Смысл для Кожева – в понятии (или, что то же, в логосе, в концепте и пр. – это все синонимы); значение же находится в жесткой связи со знаком. Если переформулировать это в наших понятиях, получится, что «понятие» Кожева есть концепт, а «знак» – концепт явленный, т.е. понятие в слове. Любопытно название книги, изданной посмертно: «Le concept, le temps et le discours» (Кожев: 1990).
«Понятие – это не „идея“ или „смысл“, – это слово-имеющее-смысл или связный дискурс (logos)» (там же: 152).
Это упорное сосредоточение на процессе изречения знаменательно тем, что переносит внимание с концепта-Слова на дискурс-слово. Не в этом ли начатки французского философствования после 1930-х годов, когда Кожев читал свои лекции? Верно и другое: французское философствование с его упором на речь в ущерб слову (воздействие французского языка, см. (Балли 1955)) повлияло на выводы Кожева. Кожев довольно точно рисует историческую перспективу разработки семантического треугольника: язычество Стагирита (точка зрения от «вещи») диалектически сменяется христианской эпохой Слова:
«метафизика живого сменяется метафизикой слова» (Визгин 1989: 135).

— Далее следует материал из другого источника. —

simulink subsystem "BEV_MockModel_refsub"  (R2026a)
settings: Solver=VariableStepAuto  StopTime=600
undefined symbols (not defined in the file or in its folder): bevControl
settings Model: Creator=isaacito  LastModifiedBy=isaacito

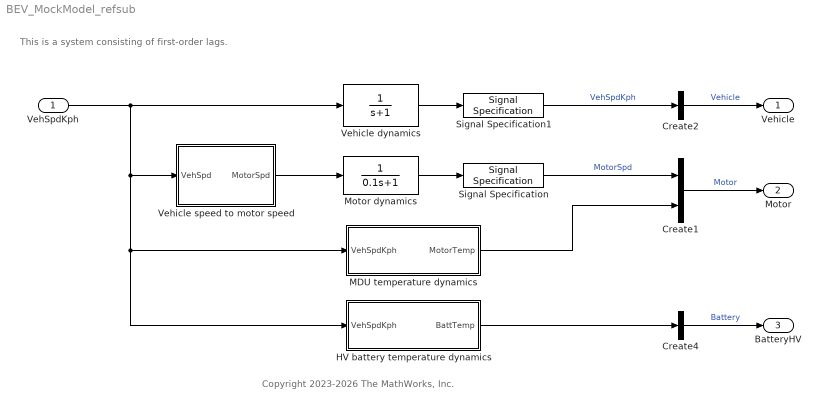
== system BEV_MockModel_refsub ==
  note: This is a system consisting of first-order lags.
  note: Copyright 2023-2026 The MathWorks, Inc.
  VehSpdKph : Inport
  Create1 : BusCreator  Inputs=2
  Create2 : BusCreator  Inputs=1
  Create4 : BusCreator  Inputs=1
  HV battery temperature dynamics : Subsystem
  MDU temperature dynamics : Subsystem
  Motor dynamics : TransferFcn  Denominator=[0.1 1]
  Signal Specification : SignalSpecification  Unit=rpm
  Signal Specification1 : SignalSpecification  Unit=km/h
  Vehicle dynamics : TransferFcn  Denominator=[1 1]
  Vehicle speed to motor speed : Subsystem
  Vehicle : Outport
  Motor : Outport  Port=2
  BatteryHV : Outport  Port=3
  wires:
  Vehicle speed to motor speed/1(MotorSpd) -> Motor dynamics/1
  Create2/1 -> Vehicle/1  "Vehicle"
  Create1/1 -> Motor/1  "Motor"
  Vehicle dynamics/1 -> Signal Specification1/1
  VehSpdKph/1 -> Vehicle speed to motor speed/1(VehSpd), MDU temperature dynamics/1(VehSpdKph), HV battery temperature dynamics/1(VehSpdKph), Vehicle dynamics/1
  Create4/1 -> BatteryHV/1  "Battery"
  HV battery temperature dynamics/1(BattTemp) -> Create4/1
  MDU temperature dynamics/1(MotorTemp) -> Create1/2
  Signal Specification1/1 -> Create2/1  "VehSpdKph"
  Signal Specification/1 -> Create1/1  "MotorSpd"
  Motor dynamics/1 -> Signal Specification/1

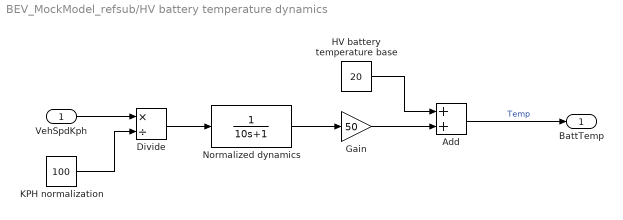
== system BEV_MockModel_refsub/HV battery temperature dynamics ==
  VehSpdKph : Inport  Unit=km/hr
  Add : Sum
  Divide : Product  Inputs=*/
  Gain : Gain  Gain=50
  HV battery temperature base : Constant  Value=20
  KPH normalization : Constant  Value=100
  Normalized dynamics : TransferFcn  Denominator=[10 1]
  BattTemp : Outport  Unit=degC
  wires:
  VehSpdKph/1 -> Divide/1
  Normalized dynamics/1 -> Gain/1
  Divide/1 -> Normalized dynamics/1
  HV battery temperature base/1 -> Add/1
  Gain/1 -> Add/2
  Add/1 -> BattTemp/1  "Temp"
  KPH normalization/1 -> Divide/2

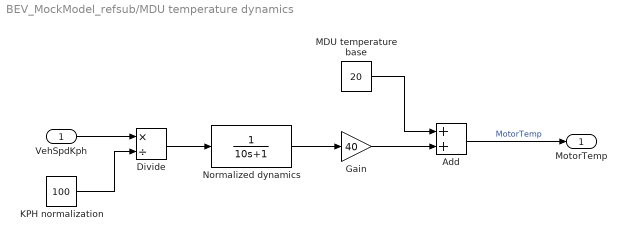
== system BEV_MockModel_refsub/MDU temperature dynamics ==
  VehSpdKph : Inport  Unit=km/hr
  Add : Sum
  Divide : Product  Inputs=*/
  Gain : Gain  Gain=40
  KPH normalization : Constant  Value=100
  MDU temperature base : Constant  Value=20
  Normalized dynamics : TransferFcn  Denominator=[10 1]
  MotorTemp : Outport  Unit=degC
  wires:
  VehSpdKph/1 -> Divide/1
  Normalized dynamics/1 -> Gain/1
  Divide/1 -> Normalized dynamics/1
  MDU temperature base/1 -> Add/1
  Gain/1 -> Add/2
  Add/1 -> MotorTemp/1  "MotorTemp"
  KPH normalization/1 -> Divide/2

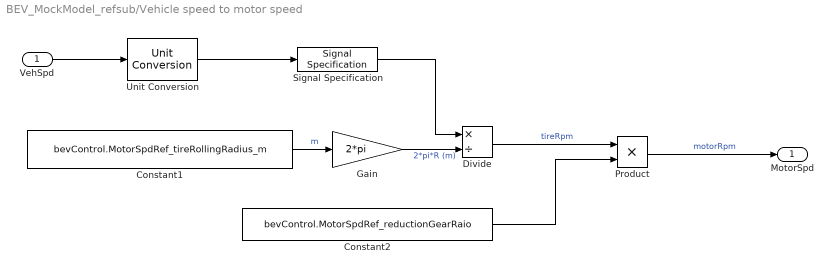
== system BEV_MockModel_refsub/Vehicle speed to motor speed ==
  VehSpd : Inport  Unit=km/hr
  Constant1 : Constant  Value=bevControl.MotorSpdRef_tireRollingRadius_m
  Constant2 : Constant  Value=bevControl.MotorSpdRef_reductionGearRaio
  Divide : Product  Inputs=*/
  Gain : Gain  Gain=2*pi
  Product : Product
  Signal Specification : SignalSpecification  Unit=m/min
  Unit Conversion : UnitConversion
  MotorSpd : Outport  Unit=rpm  VectorParamsAs1DForOutWhenUnconnected=off
  wires:
  VehSpd/1 -> Unit Conversion/1
  Unit Conversion/1 -> Signal Specification/1
  Signal Specification/1 -> Divide/1
  Gain/1 -> Divide/2  "2*pi*R (m)"
  Divide/1 -> Product/1  "tireRpm"
  Constant2/1 -> Product/2
  Product/1 -> MotorSpd/1  "motorRpm"
  Constant1/1 -> Gain/1  "m"

В.П. Визгин полагает, что у Кожева
«мы находим педантичное „зашнуровывание“ философии в псевдолингвистическом герметизме»
и
«априорную спекулятивную концепцию философии, поскольку философия рассматривается как поиск речевого выражения абсолютного Понятия или абсолютного Смысла, наделенного неизменным предсуществованием»
как метафизика «воплощения Логоса в человеке» (там же: 134), поскольку, согласно самому Кожеву,
«для настоящего философского понимания речи требуется идея воплощения Абсолюта в человеке, наделенном способностью к речи».